### ACTIVITY
Nothing but the exact text of the entries should appear in your answer; pictures stay out.

■ ■ ■ ■ ■ ■ ■

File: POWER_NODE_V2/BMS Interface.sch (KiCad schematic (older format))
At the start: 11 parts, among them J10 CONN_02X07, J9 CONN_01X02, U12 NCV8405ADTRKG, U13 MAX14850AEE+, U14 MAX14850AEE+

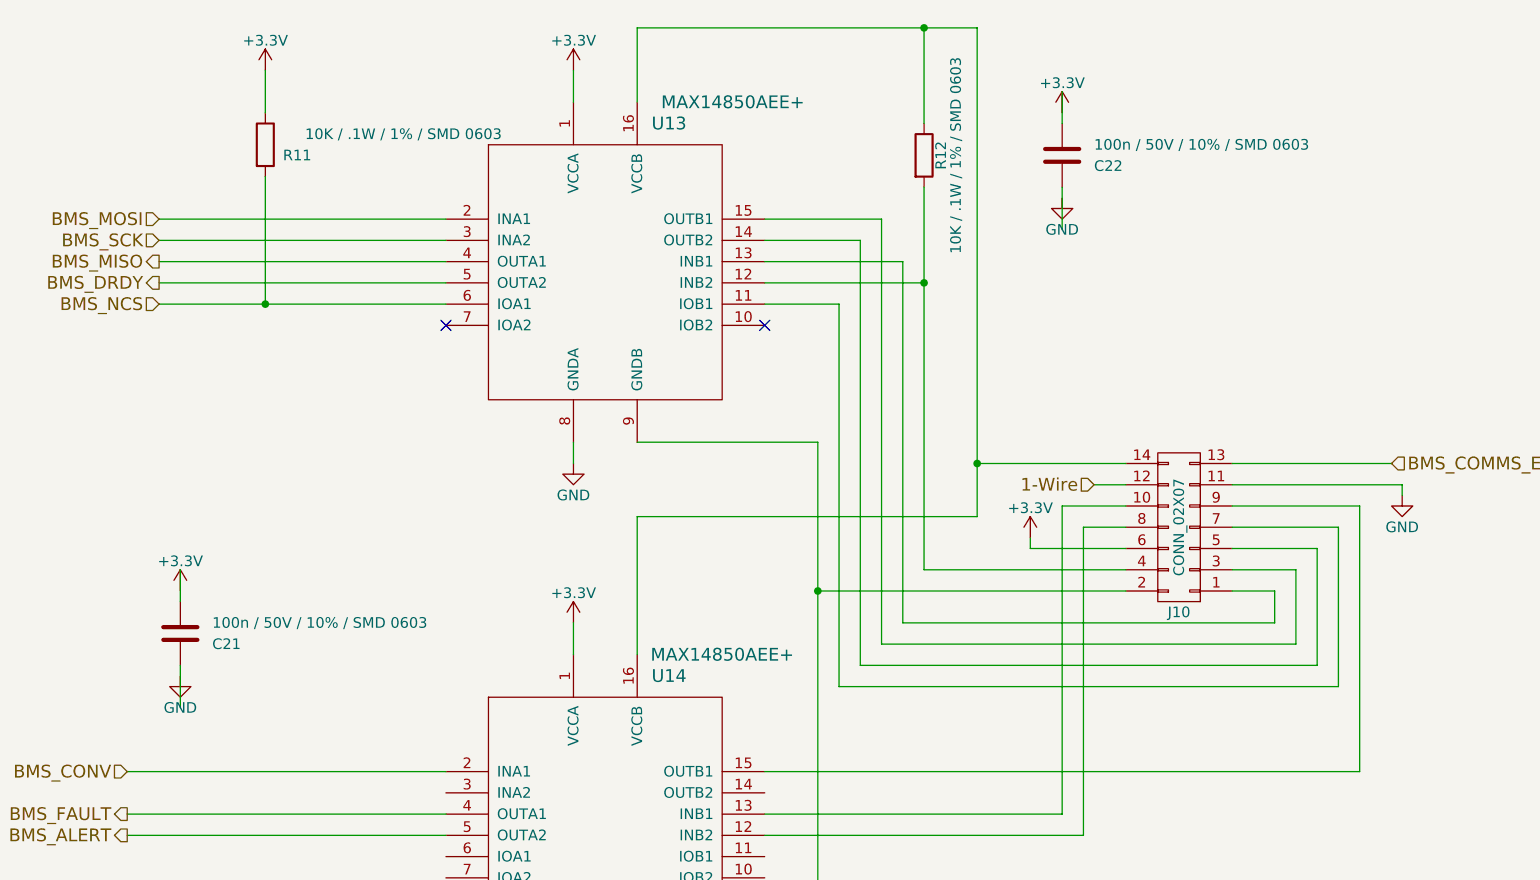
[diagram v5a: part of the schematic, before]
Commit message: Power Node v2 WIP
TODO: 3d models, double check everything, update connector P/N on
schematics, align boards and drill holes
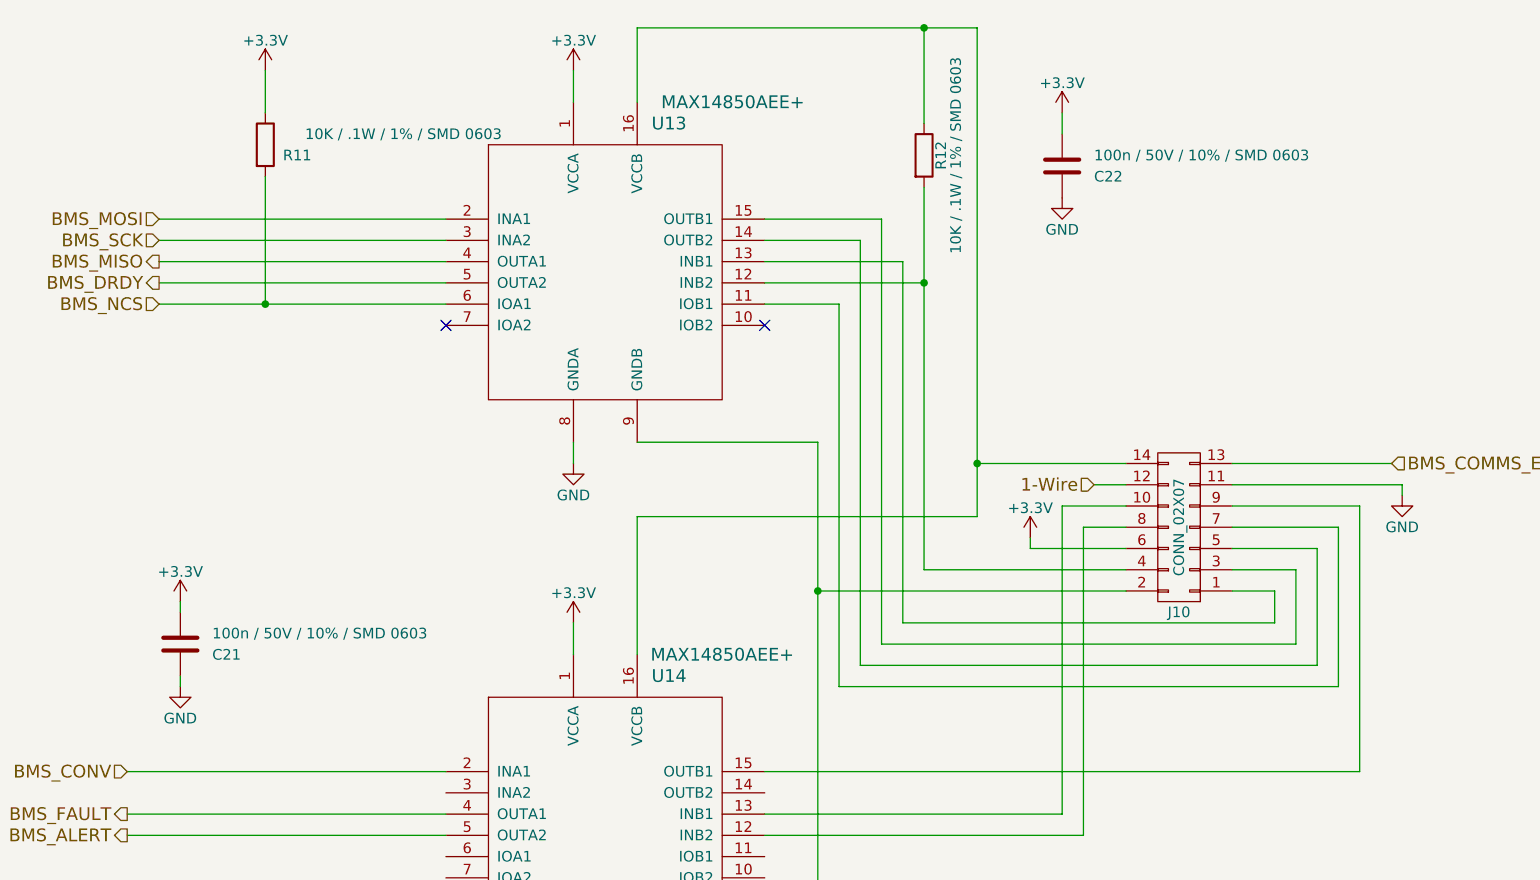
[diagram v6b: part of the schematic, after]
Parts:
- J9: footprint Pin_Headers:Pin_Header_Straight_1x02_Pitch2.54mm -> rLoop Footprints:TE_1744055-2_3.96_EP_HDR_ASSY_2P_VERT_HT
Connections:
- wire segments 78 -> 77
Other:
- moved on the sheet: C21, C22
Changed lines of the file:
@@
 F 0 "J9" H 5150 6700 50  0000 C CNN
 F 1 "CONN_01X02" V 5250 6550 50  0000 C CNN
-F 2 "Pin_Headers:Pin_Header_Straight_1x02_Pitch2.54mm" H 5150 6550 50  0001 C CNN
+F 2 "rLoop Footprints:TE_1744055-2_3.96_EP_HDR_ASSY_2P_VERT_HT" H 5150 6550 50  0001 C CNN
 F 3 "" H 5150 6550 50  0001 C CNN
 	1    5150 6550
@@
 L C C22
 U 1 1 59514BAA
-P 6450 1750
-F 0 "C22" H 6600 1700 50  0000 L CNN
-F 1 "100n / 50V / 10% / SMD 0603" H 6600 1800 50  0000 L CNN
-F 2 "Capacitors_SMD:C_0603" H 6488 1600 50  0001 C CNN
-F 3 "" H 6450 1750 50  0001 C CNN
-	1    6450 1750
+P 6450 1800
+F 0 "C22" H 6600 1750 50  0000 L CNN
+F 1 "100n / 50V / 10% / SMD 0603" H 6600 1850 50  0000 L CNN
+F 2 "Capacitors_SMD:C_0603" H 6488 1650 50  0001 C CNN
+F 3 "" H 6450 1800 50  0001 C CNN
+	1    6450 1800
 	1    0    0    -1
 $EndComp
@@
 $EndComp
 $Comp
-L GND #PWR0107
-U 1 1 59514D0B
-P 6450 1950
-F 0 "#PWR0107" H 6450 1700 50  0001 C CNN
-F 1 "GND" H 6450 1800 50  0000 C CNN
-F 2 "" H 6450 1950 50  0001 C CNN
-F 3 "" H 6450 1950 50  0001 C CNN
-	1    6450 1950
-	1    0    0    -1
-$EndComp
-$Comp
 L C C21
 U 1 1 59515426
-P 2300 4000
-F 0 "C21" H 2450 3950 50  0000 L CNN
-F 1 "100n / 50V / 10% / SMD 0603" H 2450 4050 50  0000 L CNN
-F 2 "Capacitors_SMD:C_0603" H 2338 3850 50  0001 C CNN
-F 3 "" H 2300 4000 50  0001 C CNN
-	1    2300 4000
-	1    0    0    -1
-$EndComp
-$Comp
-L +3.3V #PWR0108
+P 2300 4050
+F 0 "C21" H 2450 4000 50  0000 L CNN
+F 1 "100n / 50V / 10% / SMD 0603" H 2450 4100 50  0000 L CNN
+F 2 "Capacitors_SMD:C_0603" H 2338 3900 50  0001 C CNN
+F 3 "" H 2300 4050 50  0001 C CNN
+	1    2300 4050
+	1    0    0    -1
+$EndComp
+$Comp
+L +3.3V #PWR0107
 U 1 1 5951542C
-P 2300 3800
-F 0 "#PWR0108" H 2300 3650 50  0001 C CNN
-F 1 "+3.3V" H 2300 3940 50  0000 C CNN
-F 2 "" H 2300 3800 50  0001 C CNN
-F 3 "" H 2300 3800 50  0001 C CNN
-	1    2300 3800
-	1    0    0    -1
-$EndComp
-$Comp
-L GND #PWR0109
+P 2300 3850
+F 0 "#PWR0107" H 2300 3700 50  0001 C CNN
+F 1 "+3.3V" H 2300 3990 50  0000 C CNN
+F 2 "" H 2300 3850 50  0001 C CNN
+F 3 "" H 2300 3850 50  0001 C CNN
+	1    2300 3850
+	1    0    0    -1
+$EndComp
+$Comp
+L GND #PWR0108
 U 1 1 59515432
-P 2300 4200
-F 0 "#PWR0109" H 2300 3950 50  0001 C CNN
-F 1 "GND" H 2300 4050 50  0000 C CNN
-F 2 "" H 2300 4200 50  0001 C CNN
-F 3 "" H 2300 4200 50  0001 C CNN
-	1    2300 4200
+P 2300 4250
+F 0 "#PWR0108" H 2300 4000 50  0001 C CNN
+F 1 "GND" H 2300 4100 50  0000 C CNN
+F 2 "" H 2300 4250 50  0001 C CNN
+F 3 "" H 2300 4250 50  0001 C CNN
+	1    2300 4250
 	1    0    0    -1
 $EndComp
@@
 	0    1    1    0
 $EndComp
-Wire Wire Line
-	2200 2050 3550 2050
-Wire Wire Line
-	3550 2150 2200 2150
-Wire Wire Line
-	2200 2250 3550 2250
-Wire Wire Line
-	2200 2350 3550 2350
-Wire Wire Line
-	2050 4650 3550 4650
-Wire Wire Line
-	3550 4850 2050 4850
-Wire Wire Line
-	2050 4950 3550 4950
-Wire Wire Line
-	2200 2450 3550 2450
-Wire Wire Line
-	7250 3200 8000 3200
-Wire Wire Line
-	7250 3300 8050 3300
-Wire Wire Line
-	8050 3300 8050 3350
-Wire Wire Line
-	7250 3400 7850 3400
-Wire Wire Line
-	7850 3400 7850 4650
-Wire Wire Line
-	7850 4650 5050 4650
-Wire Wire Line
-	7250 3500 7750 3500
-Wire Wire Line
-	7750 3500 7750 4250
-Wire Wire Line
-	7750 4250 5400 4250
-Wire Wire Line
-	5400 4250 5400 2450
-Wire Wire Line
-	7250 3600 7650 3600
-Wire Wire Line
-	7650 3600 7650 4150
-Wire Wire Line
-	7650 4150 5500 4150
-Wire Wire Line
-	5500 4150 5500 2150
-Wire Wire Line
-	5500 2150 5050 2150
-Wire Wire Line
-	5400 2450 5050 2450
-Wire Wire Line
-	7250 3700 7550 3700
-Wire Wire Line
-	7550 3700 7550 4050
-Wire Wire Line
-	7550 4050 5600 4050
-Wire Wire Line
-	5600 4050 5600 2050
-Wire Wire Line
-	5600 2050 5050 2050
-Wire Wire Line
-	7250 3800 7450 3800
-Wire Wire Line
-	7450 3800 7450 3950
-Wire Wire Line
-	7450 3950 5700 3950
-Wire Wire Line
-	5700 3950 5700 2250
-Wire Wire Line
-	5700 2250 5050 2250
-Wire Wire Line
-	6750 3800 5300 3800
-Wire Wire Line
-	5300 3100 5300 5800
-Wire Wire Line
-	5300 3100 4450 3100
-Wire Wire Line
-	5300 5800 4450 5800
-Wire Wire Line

■ ■ ■ ■ ■ ■ ■

### ANSWER SPACE
File: POWER_NODE_V2/BMS Interface.sch (KiCad schematic (older format))
At the start: 11 parts, among them J10 CONN_02X07, J9 CONN_01X02, U12 NCV8405ADTRKG, U13 MAX14850AEE+, U14 MAX14850AEE+

[diagram v5a: part of the schematic, before]
Commit message: Power Node v2 WIP
TODO: 3d models, double check everything, update connector P/N on
schematics, align boards and drill holes
[diagram v6b: part of the schematic, after]
Parts:
- J9: footprint Pin_Headers:Pin_Header_Straight_1x02_Pitch2.54mm -> rLoop Footprints:TE_1744055-2_3.96_EP_HDR_ASSY_2P_VERT_HT
Connections:
- wire segments 78 -> 77
Other:
- moved on the sheet: C21, C22
Changed lines of the file:
@@
 F 0 "J9" H 5150 6700 50  0000 C CNN
 F 1 "CONN_01X02" V 5250 6550 50  0000 C CNN
-F 2 "Pin_Headers:Pin_Header_Straight_1x02_Pitch2.54mm" H 5150 6550 50  0001 C CNN
+F 2 "rLoop Footprints:TE_1744055-2_3.96_EP_HDR_ASSY_2P_VERT_HT" H 5150 6550 50  0001 C CNN
 F 3 "" H 5150 6550 50  0001 C CNN
 	1    5150 6550
@@
 L C C22
 U 1 1 59514BAA
-P 6450 1750
-F 0 "C22" H 6600 1700 50  0000 L CNN
-F 1 "100n / 50V / 10% / SMD 0603" H 6600 1800 50  0000 L CNN
-F 2 "Capacitors_SMD:C_0603" H 6488 1600 50  0001 C CNN
-F 3 "" H 6450 1750 50  0001 C CNN
-	1    6450 1750
+P 6450 1800
+F 0 "C22" H 6600 1750 50  0000 L CNN
+F 1 "100n / 50V / 10% / SMD 0603" H 6600 1850 50  0000 L CNN
+F 2 "Capacitors_SMD:C_0603" H 6488 1650 50  0001 C CNN
+F 3 "" H 6450 1800 50  0001 C CNN
+	1    6450 1800
 	1    0    0    -1
 $EndComp
@@
 $EndComp
 $Comp
-L GND #PWR0107
-U 1 1 59514D0B
-P 6450 1950
-F 0 "#PWR0107" H 6450 1700 50  0001 C CNN
-F 1 "GND" H 6450 1800 50  0000 C CNN
-F 2 "" H 6450 1950 50  0001 C CNN
-F 3 "" H 6450 1950 50  0001 C CNN
-	1    6450 1950
-	1    0    0    -1
-$EndComp
-$Comp
 L C C21
 U 1 1 59515426
-P 2300 4000
-F 0 "C21" H 2450 3950 50  0000 L CNN
-F 1 "100n / 50V / 10% / SMD 0603" H 2450 4050 50  0000 L CNN
-F 2 "Capacitors_SMD:C_0603" H 2338 3850 50  0001 C CNN
-F 3 "" H 2300 4000 50  0001 C CNN
-	1    2300 4000
-	1    0    0    -1
-$EndComp
-$Comp
-L +3.3V #PWR0108
+P 2300 4050
+F 0 "C21" H 2450 4000 50  0000 L CNN
+F 1 "100n / 50V / 10% / SMD 0603" H 2450 4100 50  0000 L CNN
+F 2 "Capacitors_SMD:C_0603" H 2338 3900 50  0001 C CNN
+F 3 "" H 2300 4050 50  0001 C CNN
+	1    2300 4050
+	1    0    0    -1
+$EndComp
+$Comp
+L +3.3V #PWR0107
 U 1 1 5951542C
-P 2300 3800
-F 0 "#PWR0108" H 2300 3650 50  0001 C CNN
-F 1 "+3.3V" H 2300 3940 50  0000 C CNN
-F 2 "" H 2300 3800 50  0001 C CNN
-F 3 "" H 2300 3800 50  0001 C CNN
-	1    2300 3800
-	1    0    0    -1
-$EndComp
-$Comp
-L GND #PWR0109
+P 2300 3850
+F 0 "#PWR0107" H 2300 3700 50  0001 C CNN
+F 1 "+3.3V" H 2300 3990 50  0000 C CNN
+F 2 "" H 2300 3850 50  0001 C CNN
+F 3 "" H 2300 3850 50  0001 C CNN
+	1    2300 3850
+	1    0    0    -1
+$EndComp
+$Comp
+L GND #PWR0108
 U 1 1 59515432
-P 2300 4200
-F 0 "#PWR0109" H 2300 3950 50  0001 C CNN
-F 1 "GND" H 2300 4050 50  0000 C CNN
-F 2 "" H 2300 4200 50  0001 C CNN
-F 3 "" H 2300 4200 50  0001 C CNN
-	1    2300 4200
+P 2300 4250
+F 0 "#PWR0108" H 2300 4000 50  0001 C CNN
+F 1 "GND" H 2300 4100 50  0000 C CNN
+F 2 "" H 2300 4250 50  0001 C CNN
+F 3 "" H 2300 4250 50  0001 C CNN
+	1    2300 4250
 	1    0    0    -1
 $EndComp
@@
 	0    1    1    0
 $EndComp
-Wire Wire Line
-	2200 2050 3550 2050
-Wire Wire Line
-	3550 2150 2200 2150
-Wire Wire Line
-	2200 2250 3550 2250
-Wire Wire Line
-	2200 2350 3550 2350
-Wire Wire Line
-	2050 4650 3550 4650
-Wire Wire Line
-	3550 4850 2050 4850
-Wire Wire Line
-	2050 4950 3550 4950
-Wire Wire Line
-	2200 2450 3550 2450
-Wire Wire Line
-	7250 3200 8000 3200
-Wire Wire Line
-	7250 3300 8050 3300
-Wire Wire Line
-	8050 3300 8050 3350
-Wire Wire Line
-	7250 3400 7850 3400
-Wire Wire Line
-	7850 3400 7850 4650
-Wire Wire Line
-	7850 4650 5050 4650
-Wire Wire Line
-	7250 3500 7750 3500
-Wire Wire Line
-	7750 3500 7750 4250
-Wire Wire Line
-	7750 4250 5400 4250
-Wire Wire Line
-	5400 4250 5400 2450
-Wire Wire Line
-	7250 3600 7650 3600
-Wire Wire Line
-	7650 3600 7650 4150
-Wire Wire Line
-	7650 4150 5500 4150
-Wire Wire Line
-	5500 4150 5500 2150
-Wire Wire Line
-	5500 2150 5050 2150
-Wire Wire Line
-	5400 2450 5050 2450
-Wire Wire Line
-	7250 3700 7550 3700
-Wire Wire Line
-	7550 3700 7550 4050
-Wire Wire Line
-	7550 4050 5600 4050
-Wire Wire Line
-	5600 4050 5600 2050
-Wire Wire Line
-	5600 2050 5050 2050
-Wire Wire Line
-	7250 3800 7450 3800
-Wire Wire Line
-	7450 3800 7450 3950
-Wire Wire Line
-	7450 3950 5700 3950
-Wire Wire Line
-	5700 3950 5700 2250
-Wire Wire Line
-	5700 2250 5050 2250
-Wire Wire Line
-	6750 3800 5300 3800
-Wire Wire Line
-	5300 3100 5300 5800
-Wire Wire Line
-	5300 3100 4450 3100
-Wire Wire Line
-	5300 5800 4450 5800
-Wire Wire Line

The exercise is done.